Открытие дней голландской культуры в Санкт-Петербурге, прием
в голландском консульстве, присутствуют чиновники, консул и дипкорпус. Фуршет.
Демонстрация новой весенней коллекции знаменитого модельера
Татьяны Парменовой. Присутствуют чиновники, бизнесмены, жены чиновников и
любовницы бизнесменов. Фуршет.
В глазах рябило от ярких красочных снимков. Гоша и сам не
знал, что он хочет найти, как вдруг увидел такое, что не поверил своим глазам.

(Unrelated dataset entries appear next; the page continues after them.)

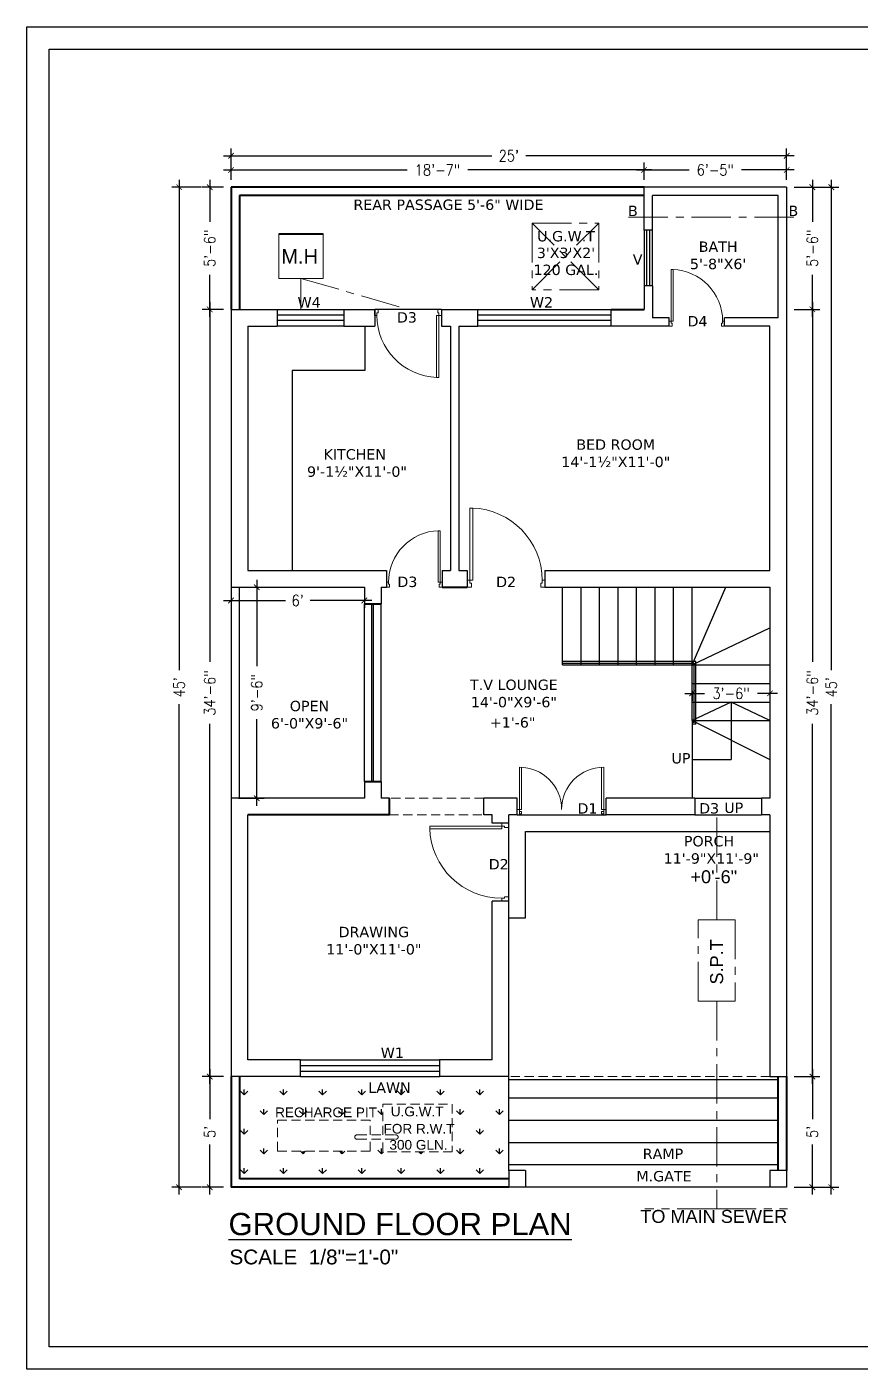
# Model space of a CAD drawing. Header units: inches. Extents: x -523840 to -522652, y -54046 to -53321.
# Drawn here: x -523840 to -523390, y -54046 to -53321 of the extents above; entities that cross this region are included whole.
import ezdxf

# ---------------------------------------------------------------- set-up
doc = ezdxf.new("R2010")
doc.units = ezdxf.units.IN
doc.header["$MEASUREMENT"] = 0
doc.header["$PDMODE"] = 3
doc.header["$PDSIZE"] = 6
doc.linetypes.add('CENTER', pattern=[2, 1.25, -0.25, 0.25, -0.25])
doc.linetypes.add('HIDDEN', pattern=[0.375, 0.25, -0.125])
doc.layers.get('0').update_dxf_attribs({"lineweight": 0})
for name, color, linetype in [('A-WALL', 4, 'Continuous'), ('DET', 1, 'Continuous'), ('stair', 10, 'Continuous'), ('text', 3, 'Continuous'), ('TEXTS', 2, 'Continuous'), ('WIN', 2, 'Continuous')]:
    doc.layers.add(name, color=color, linetype=linetype)
for name, color, linetype, lineweight in [('boundary wall', 1, 'Continuous', 40), ('dimension', 5, 'Continuous', 40), ('DOOR', 45, 'Continuous', 5), ('HATCH..', 252, 'Continuous', 5), ('wall', 4, 'Continuous', 40)]:
    doc.layers.add(name, color=color, linetype=linetype, lineweight=lineweight)
doc.styles.add('DIM', font='romans.shx', dxfattribs={"width": 0.85})
doc.styles.get("Standard").update_dxf_attribs({"font": 'arial.ttf'})
doc.styles.add('style1', font='verdana.ttf')
doc.styles.add('style4', font='swiss.ttf')
doc.dimstyles.new('1-2', dxfattribs={"dimtxt": 6, "dimasz": 3, "dimexe": 4, "dimexo": 4, "dimgap": 4, "dimtad": 0, "dimdec": 1, "dimzin": 0, "dimdsep": 46, "dimlunit": 4, "dimtxsty": 'Standard', "dimblk": 'ARCHTICK', "dimcen": 4, "dimdle": 4, "dimclrd": 1, "dimclre": 1, "dimclrt": 3, "dimadec": 0, "dimazin": 0, "dimtfac": 1, "dimtdec": 1, "dimtofl": 0, "dimtmove": 1, "dimatfit": 3, "dimldrblk": 'ARCHTICK', "dimfxl": 4, "dimtolj": 1, "dimtzin": 0, "dimarcsym": 0})

# ---------------------------------------------------------------- blocks, each defined once
blk = doc.blocks.new('D1')
for points in [[(1.5, 40.85), (1.5, 1.85), (3, 1.85), (3, 40.85)], [(1.5, 0.38), (2.25, 0.38), (2.25, -1.88), (0, -1.88), (0, 1.88), (1.5, 1.88)], [(42, 1.88), (42, -1.88), (39.75, -1.88), (39.75, 0.38), (40.5, 0.38), (40.5, 1.88)]]:
    blk.add_lwpolyline(points, close=True)
blk.add_arc((1.5, 1.88), 39, 0, 88.15019)
blk = doc.blocks.new('MD')
for p, q in [((1.2, 1.5), (1.2, 24.3)), ((2.4, 1.5), (2.4, 24.27)), ((45.6, 1.5), (45.6, 24.27)), ((46.8, 1.5), (46.8, 24.3)), ((1.2, 1.5), (2.4, 1.5)), ((46.8, 1.5), (45.6, 1.5))]:
    blk.add_line(p, q)
for points in [[(0, -1.5), (1.2, -1.5), (1.2, 1.5), (0, 1.5)], [(1.2, -0.9), (2.4, -0.9), (2.4, 0.3), (1.2, 0.3)], [(46.8, -0.9), (45.6, -0.9), (45.6, 0.3), (46.8, 0.3)], [(48, -1.5), (46.8, -1.5), (46.8, 1.5), (48, 1.5)]]:
    blk.add_lwpolyline(points, close=True)
for centre, start, end in [((1.2, 1.5), 0, 90), ((46.8, 1.5), 90, 180)]:
    blk.add_arc(centre, 22.8, start, end)
blk = doc.blocks.new('_ArchTick')
at = {"color": 0, "linetype": 'ByBlock', "const_width": 0.15}
blk.add_lwpolyline([(-0.5, -0.5), (0.5, 0.5)], dxfattribs=at)
blk = doc.blocks.new('*D31')
at = {"layer": 'Defpoints', "color": 0}
for p in [(-523729.48, -53390.62), (-523729.48, -53407.56), (-523429.48, -53407.56)]:
    blk.add_point(p, dxfattribs=at)
at = {"layer": 'dimension', "color": 5, "lineweight": -2}
for p, q in [((-523729.48, -53402.62), (-523729.48, -53386.62)), ((-523429.48, -53402.62), (-523429.48, -53386.62)), ((-523733.48, -53390.62), (-523588.71, -53390.62)), ((-523425.48, -53390.62), (-523570.26, -53390.62))]:
    blk.add_line(p, q, dxfattribs=at)
at = {"layer": 'dimension', "color": 5, "lineweight": -2, "xscale": 3, "yscale": 3, "zscale": 3, "rotation": 180}
blk.add_blockref('_ArchTick', (-523729.48, -53390.62), dxfattribs=at)
at = {"layer": 'dimension', "color": 5, "lineweight": -2, "xscale": 3, "yscale": 3, "zscale": 3}
blk.add_blockref('_ArchTick', (-523429.48, -53390.62), dxfattribs=at)
at = {"layer": 'dimension', "color": 5, "insert": (-523579.48, -53390.62), "char_height": 6, "attachment_point": 5, "style": 'DIM'}
blk.add_mtext("\\A1;25'", dxfattribs=at)
blk = doc.blocks.new('*D32')
at = {"layer": 'Defpoints', "color": 0}
for p in [(-523506.48, -53398.26), (-523506.48, -53407.56), (-523429.48, -53407.56)]:
    blk.add_point(p, dxfattribs=at)
at = {"layer": 'dimension', "color": 5, "lineweight": -2}
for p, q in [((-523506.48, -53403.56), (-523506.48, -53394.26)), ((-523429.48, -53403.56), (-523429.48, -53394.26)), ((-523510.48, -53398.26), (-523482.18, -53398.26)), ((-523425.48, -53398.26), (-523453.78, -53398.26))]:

На заднем плане снимка была опять-таки изрядно надоевшая Гоше княжна Елизавета
Голицына. Княжна разговаривала с какой-то женщиной, и в этой женщине Гоша с
величайшим изумлением узнал свою приятельницу Лику.
От откинулся на спинку стула и протер уставшие глаза.
– Шота, у меня глюки! – пожаловался он. –
Посмотри, тебе вот эта девица никого не напоминает?
Шота несколько раз видел Лику, потому что Гоша был знаком с
Ликой очень давно, они вместе учились в Академии художеств на искусствоведческом
факультете.
– Послушай, дорогой, кажется, у меня тоже глюки, –
пожаловался Шота. – Но ты знаешь, мы ведь сегодня ничего не пили…
– Так кого она тебе напоминает? – не отставал
Гоша.
– Она похожа на эту твою очкастую Лику…
– Точно, значит, это она, – вздохнул Гоша, –
и нас не глючит.
По всему выходило, что так оно и есть, потому что статья,
сопровождаемая снимком, освещала открытие в Манеже выставки шведского
художника, фамилию которого невозможно было произнести, а Лика как раз
специализировалась на скандинавском искусстве. То есть ее присутствие на
открытии выставки было вполне уместным – Гоша даже вспомнил, как Лика готовила
эту выставку и жаловалась, что швед, которого ввиду непроизносимости фамилии
называли просто Олаф, замучил ее приглашениями в ресторан. Швед был толстый и
огромный, как бегемот. Его поразили Ликина худоба, он решил, что она голодает,
жалел ее и хотел подкормить.
Глядя на снимок, Гоша удивился, что Лика разговаривает с
мнимой княжной Голицыной – а они явно были поглощены беседой, – и еще
тому, как Лика одета. Вместо ее обычных далеко не новых джинсов на Лике был
вполне приличный брючный костюм синего цвета, причем не того
советско-чернильного оттенка, который делал в оное время всех женщин в синих
костюмах похожими на депутатов райсовета, нет, даже на фотографии было видно,
что костюм этот куплен в дорогом магазине и у его хозяйки есть вкус.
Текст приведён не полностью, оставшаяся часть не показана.